By Dr. Deepa Pullanikkatil
(NDC Coordinator, MTEA contracted through UNDP)
Africa is prone to multiple hazards, with hydro-meteorological hazards of floods, droughts and dry-spells being the most common ones. Such shocks require countries to be prepared with early warning systems in order to cope. With climate-related disasters displacing more people than conflict, UN Secretary-General António Guterres at COP 27 in Egypt unveiled the details of his plan to ensure everyone on the planet is protected by early warning systems within the next five years. He stated that people who have barely even contributed to the climate crisis are the most at risk and the least protected. “Vulnerable communities in climate hotspots are being blindsided by cascading climate disasters without any means of prior alert,” he said. “People in Africa, South Asia, South and Central America, and the inhabitants of small island states are 15 times more likely to die from climate disasters. These disasters displace three times more people than war. And the situation is getting worse.” Even though early warning systems save lives, vulnerable communities “have no way of knowing that hazardous weather is on its way”, Mr. Guterres continued. He then went on to launch an ambitious $3.1 billion plan which will address key gaps in understanding disaster risk, monitoring and forecasting, rapid communication, and preparedness and response at COP 27 in November 2022.
In this article, I want to reiterate that while modern high tech early warning systems are needed, we must not forget the traditional indigenous knowledge systems which have been helping communities predict extreme weather events and seasons, as these too are important to early warning. As we all know, early warning is a major element of disaster risk reduction. It can prevent loss of life and reduce the economic and material impacts of hazardous events including disasters. As a continent, we are not facing a single hazard; we face multiple hazards that interplay with each other. In Eswatini, we have been recently hit hard by El Nino drought, wildfires, floods, cyclones idai, cyclone Eloise and covid-19.
One major lesson COVID 19 has taught us is the need to develop multi-hazard risk scenarios with the ability to consider the interactions between pandemics and other natural hazards, such as storms, floods, cyclones, wildfires and all hydro- meteorological hazards. While we have all the sophisticated technology, modelling, satellite imagery, super computers and equipment, we must not forget the role of Indigenous knowledge.
There are many examples from around the world where indigenous knowledge has helped communities. For example, there are a few islands in India where indigenous communities live. There is one particular tribe called the “Jharavas” who live in Andaman and Nicobar islands. They are completely isolated from all modern services and they live one with nature in the island. Their population is 1000 people. On a part of the island there is a settlement with tourist centres, settlements a small town and a naval base with sophisticated technology, sensors and computers and early warning systems.
In 2004 December, there was a Sumatra-Andaman tsunami, which caused destruction to the island. Trees along the cost were stripped out, the equipment and early warning systems were destroyed, 6000 people died, infrastructure damaged. Later studies confirmed that not a single member from the Jharava tribe lost their life. Hours before the Tsunami, the tribe members were found to be all climbing up the mountains in the island and were not affected by the tsunami and they were safe, without any sophisticated technology. They just keenly observed and listened to nature, used their indigenous knowledge and that is what kept them safe.

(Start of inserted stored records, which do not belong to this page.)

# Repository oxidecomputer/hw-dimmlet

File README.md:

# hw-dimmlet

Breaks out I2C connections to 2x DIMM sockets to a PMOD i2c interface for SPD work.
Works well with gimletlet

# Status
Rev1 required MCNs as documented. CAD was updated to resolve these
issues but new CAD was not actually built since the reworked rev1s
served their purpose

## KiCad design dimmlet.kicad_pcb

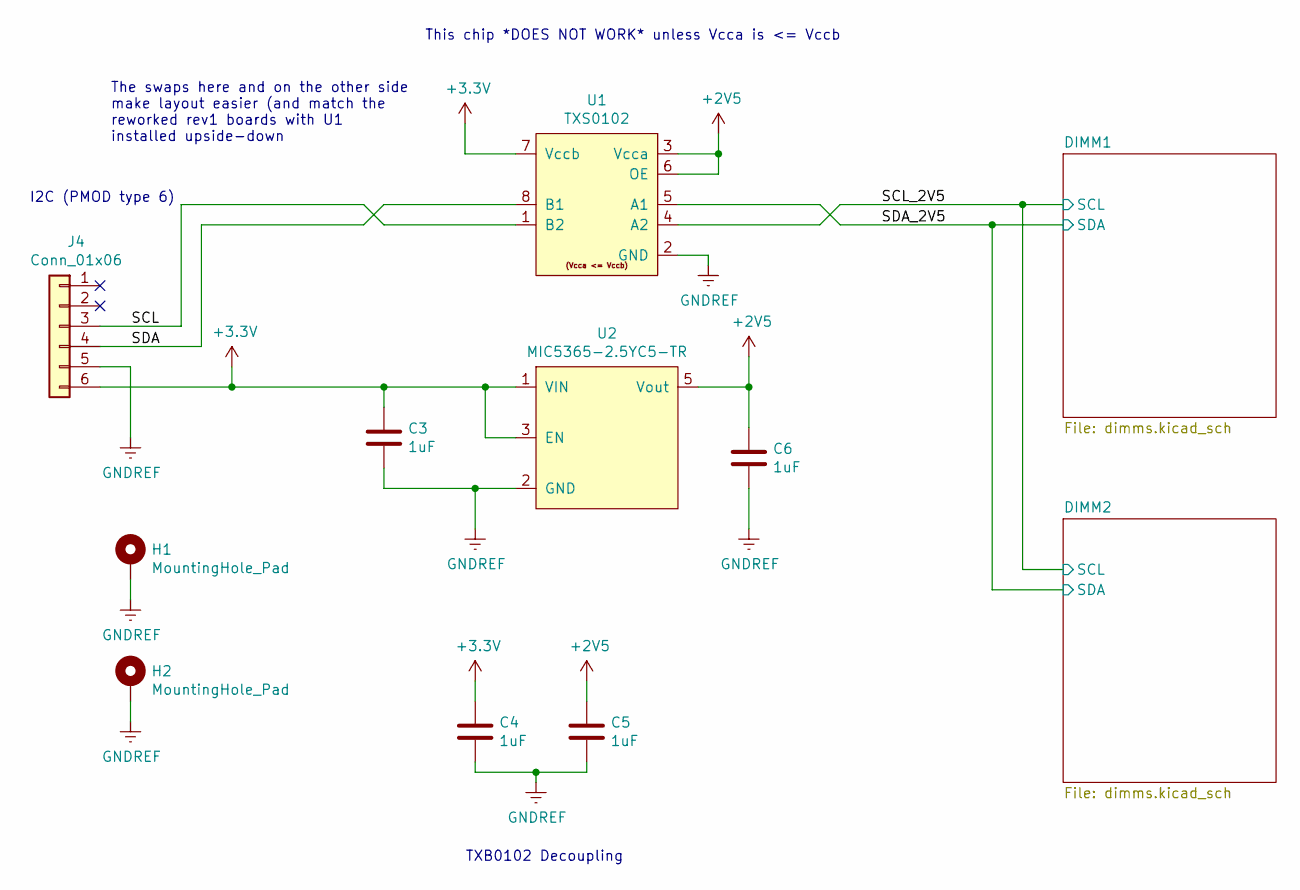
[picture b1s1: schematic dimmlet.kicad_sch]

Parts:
C3, C4, C5, C6: 1uF; C_0402_1005Metric_Pad0.74x0.62mm_HandSolder
H1, H2: MountingHole_Pad; MountingHole_2.2mm_M2_DIN965_Pad
J4: Conn_01x06; PMOD_6pin_peripheral_horizontal
U1: ‎TXS0102; VSSOP-8_2.4x2.1mm_P0.5mm
U2: ‎MIC5365-2.5YC5-TR; SOT-353_SC-70-5

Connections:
+2V5: C5.1, C6.1, U1.3 (Vcca), U1.6 (OE), U2.5 (Vout); also elsewhere on the board
+3V3: C3.1, C4.1, J4.6, U1.7 (Vccb), U2.1 (VIN), U2.3 (EN)
/SCL: J4.3, U1.1 (B2)
/SCL_2V5: U1.4 (A2); also elsewhere on the board
/SDA: J4.4, U1.8 (B1)
/SDA_2V5: U1.5 (A1); also elsewhere on the board
GNDREF: C3.2, C4.2, C5.2, C6.2, H1.1, H2.1, J4.5, U1.2 (GND), U2.2 (GND); also elsewhere on the board

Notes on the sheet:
The swaps here and on the other side make layout easier (and match the reworked rev1 boards with U1 installed upside-down
I2C (PMOD type 6)
TXB0102 Decoupling
This chip *DOES NOT WORK* unless Vcca is <= Vccb

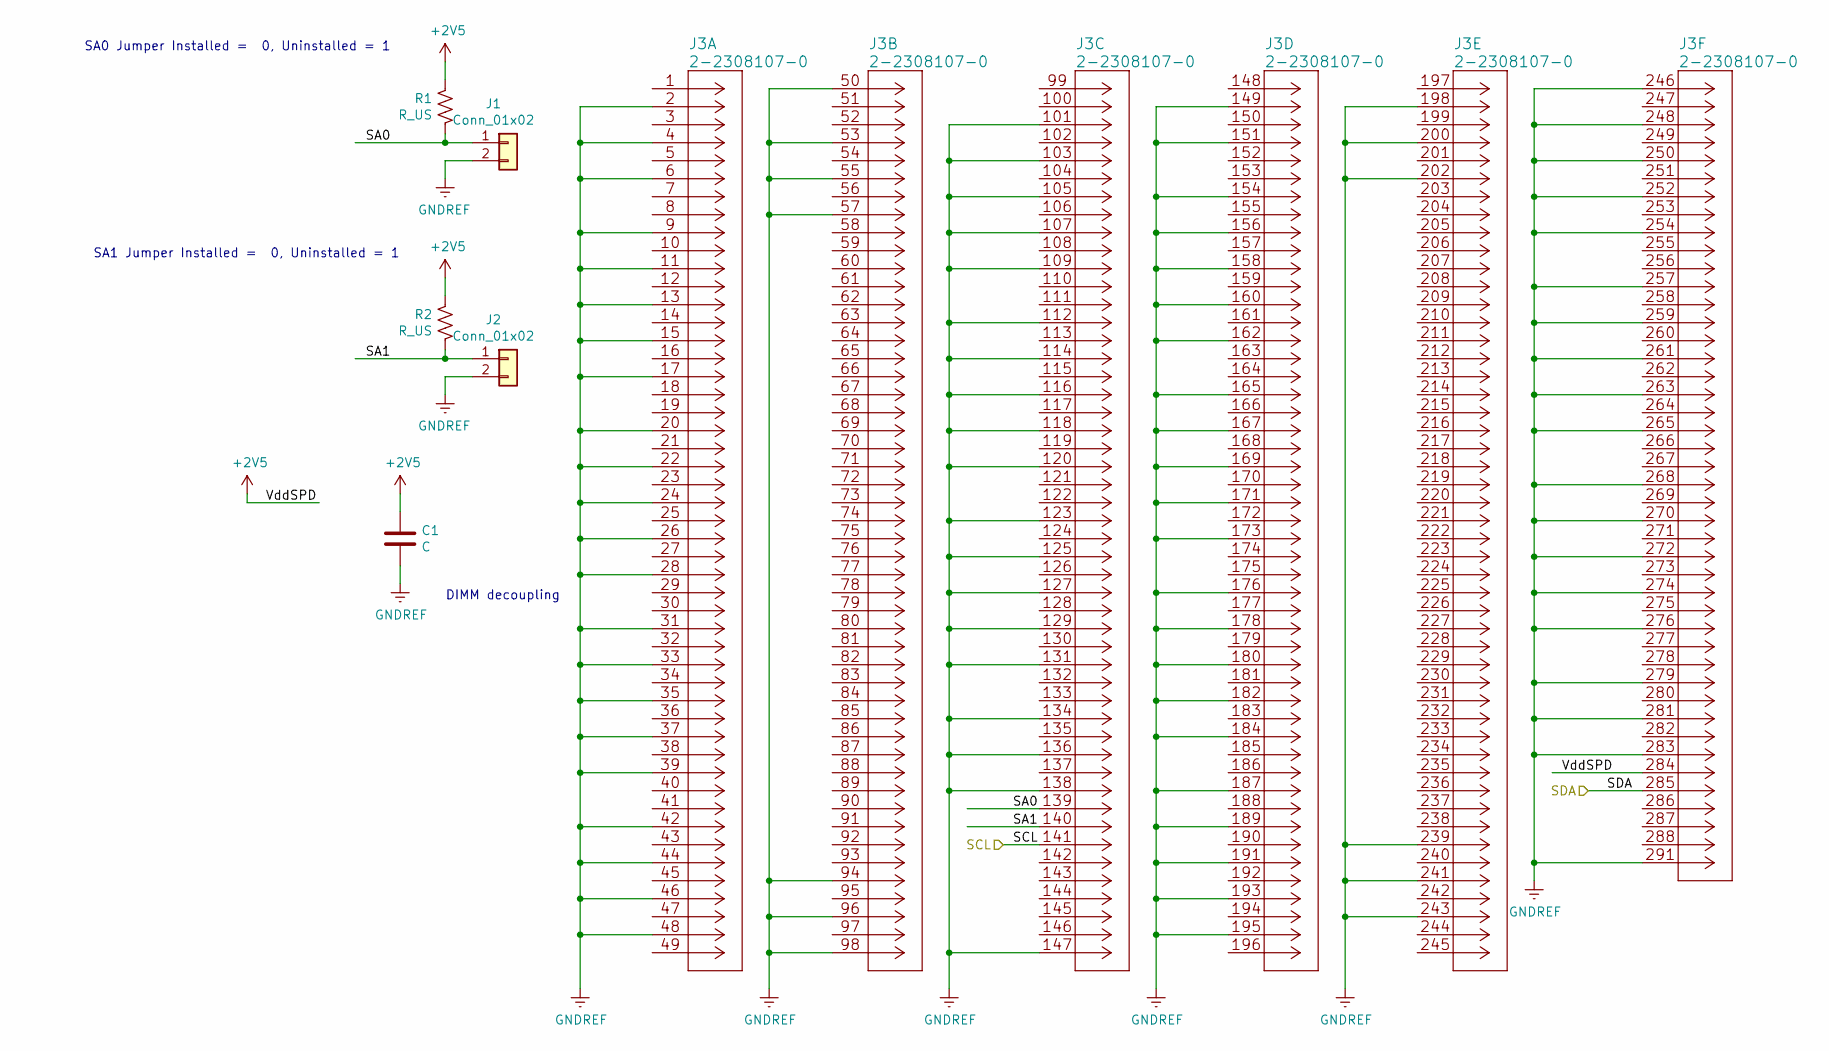
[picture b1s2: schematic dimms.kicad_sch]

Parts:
C1: C; C_0402_1005Metric_Pad0.74x0.62mm_HandSolder
J1, J2: Conn_01x02; PinHeader_1x02_P2.54mm_Vertical
J3: 2-2308107-0
R1, R2: R_US; R_0402_1005Metric_Pad0.72x0.64mm_HandSolder

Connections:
+2V5: C1.1, J3.284, R1.1, R2.1; also elsewhere on the board
/DIMM1/SA0: J1.1, J3.139, R1.2
/DIMM1/SA1: J2.1, J3.140, R2.2
/SCL_2V5: J3.141; also elsewhere on the board
/SDA_2V5: J3.285; also elsewhere on the board
GNDREF: C1.2, J1.2, J2.2, J3.2, J3.4, J3.6, J3.9, J3.11, J3.13, J3.15, J3.17, J3.20, J3.22, J3.24, J3.26, J3.28, J3.31, J3.33, J3.35, J3.37, J3.39, J3.42, J3.44, J3.46, J3.48, J3.50, J3.53, J3.55, J3.57, J3.94, J3.96, J3.98, J3.101, J3.103, J3.105, J3.107, J3.109, J3.112, J3.114, J3.116, J3.118, J3.120, J3.123, J3.125, J3.127, J3.129, J3.131, J3.134, J3.136, J3.138, J3.147, J3.149, J3.151, J3.154, J3.156, J3.158, J3.160, J3.162, J3.165, J3.167, J3.169, J3.171, J3.173, J3.176, J3.178, J3.180, J3.182, J3.184, J3.187, J3.189, J3.191, J3.193, J3.195, J3.198, J3.200, J3.202, J3.239, J3.241, J3.243, J3.246, J3.248, J3.250, J3.252, J3.254, J3.257, J3.259, J3.261, J3.263, J3.265, J3.268, J3.270, J3.272, J3.274, J3.276, J3.279, J3.281, J3.283, J3.291; also elsewhere on the board

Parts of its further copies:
C2: C; C_0402_1005Metric_Pad0.74x0.62mm_HandSolder
J5, J6: Conn_01x02; PinHeader_1x02_P2.54mm_Vertical
J7: 2-2308107-0
R3, R4: R_US; R_0402_1005Metric_Pad0.72x0.64mm_HandSolder

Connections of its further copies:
+2V5: C2.1, J7.284, R3.1, R4.1; also elsewhere on the board
/DIMM2/SA0: J5.1, J7.139, R3.2
/DIMM2/SA1: J6.1, J7.140, R4.2
/SCL_2V5: J7.141; also elsewhere on the board
/SDA_2V5: J7.285; also elsewhere on the board
GNDREF: C2.2, J5.2, J6.2, J7.2, J7.4, J7.6, J7.9, J7.11, J7.13, J7.15, J7.17, J7.20, J7.22, J7.24, J7.26, J7.28, J7.31, J7.33, J7.35, J7.37, J7.39, J7.42, J7.44, J7.46, J7.48, J7.50, J7.53, J7.55, J7.57, J7.94, J7.96, J7.98, J7.101, J7.103, J7.105, J7.107, J7.109, J7.112, J7.114, J7.116, J7.118, J7.120, J7.123, J7.125, J7.127, J7.129, J7.131, J7.134, J7.136, J7.138, J7.147, J7.149, J7.151, J7.154, J7.156, J7.158, J7.160, J7.162, J7.165, J7.167, J7.169, J7.171, J7.173, J7.176, J7.178, J7.180, J7.182, J7.184, J7.187, J7.189, J7.191, J7.193, J7.195, J7.198, J7.200, J7.202, J7.239, J7.241, J7.243, J7.246, J7.248, J7.250, J7.252, J7.254, J7.257, J7.259, J7.261, J7.263, J7.265, J7.268, J7.270, J7.272, J7.274, J7.276, J7.279, J7.281, J7.283, J7.291; also elsewhere on the board

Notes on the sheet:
DIMM decoupling
SA0 Jumper Installed = 0, Uninstalled = 1
SA1 Jumper Installed = 0, Uninstalled = 1

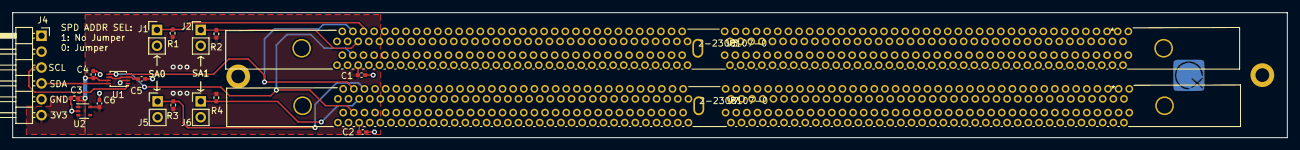
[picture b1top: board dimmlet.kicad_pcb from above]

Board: 2 copper layers, 204.0 x 20.0 mm, 21 parts (0 on the bottom side), 11 nets.

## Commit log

2023-02-24 Initial commit after restructuring

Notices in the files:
parts and their libraries:
Copyright 2021 Accelerated Designs. All rights reserved.

In Malawi, I have met several rural communities that observe the phenology of trees, the position of birds’ nests, the wind patterns, animals and insects behaviours and predict the weather based on that. There is a tree species Faidherbia Albeida, which exhibits reverse phenology. When other trees have leaves, this one sheds its leaves and when others shed, this tree grows its leaves. Farmers love this tree because it does not compete with crops in the growing season for soil nutrients and provides fodder for animals during dry season, so while you find there is rampant deforestation in Malawi to make way for cropland, there are old faidherbia albeida trees, which are 80-90 year old are preserved within crop lands. Farmers say that delayed shedding off of leaves signifies late onset of rains. This helps farmers make decisions to delay planting, or dry plant and wait for rains.
Similarly, the Sunbird tree or Wild Mango is observed and when it has less flowers, it’s a signal of a drought year. The flowering and eventual fruiting is affected by climate variations and water stress thereby being an indicator of drought. These communities are clever and they don’t base their prediction on just one observation. Their predictions are based on a number of indicators, not just one but four or five indicators, so that probability of error is minimized. And they make decisions on whether to plant drought tolerant crops, fast maturing varieties or tubers based on their prediction. So, in conclusion, while we focus on multi-hazard, early warning and high technology, let’s also respect and learn from the tradition and indigenous knowledge, there is much we can learn from those who live close to nature.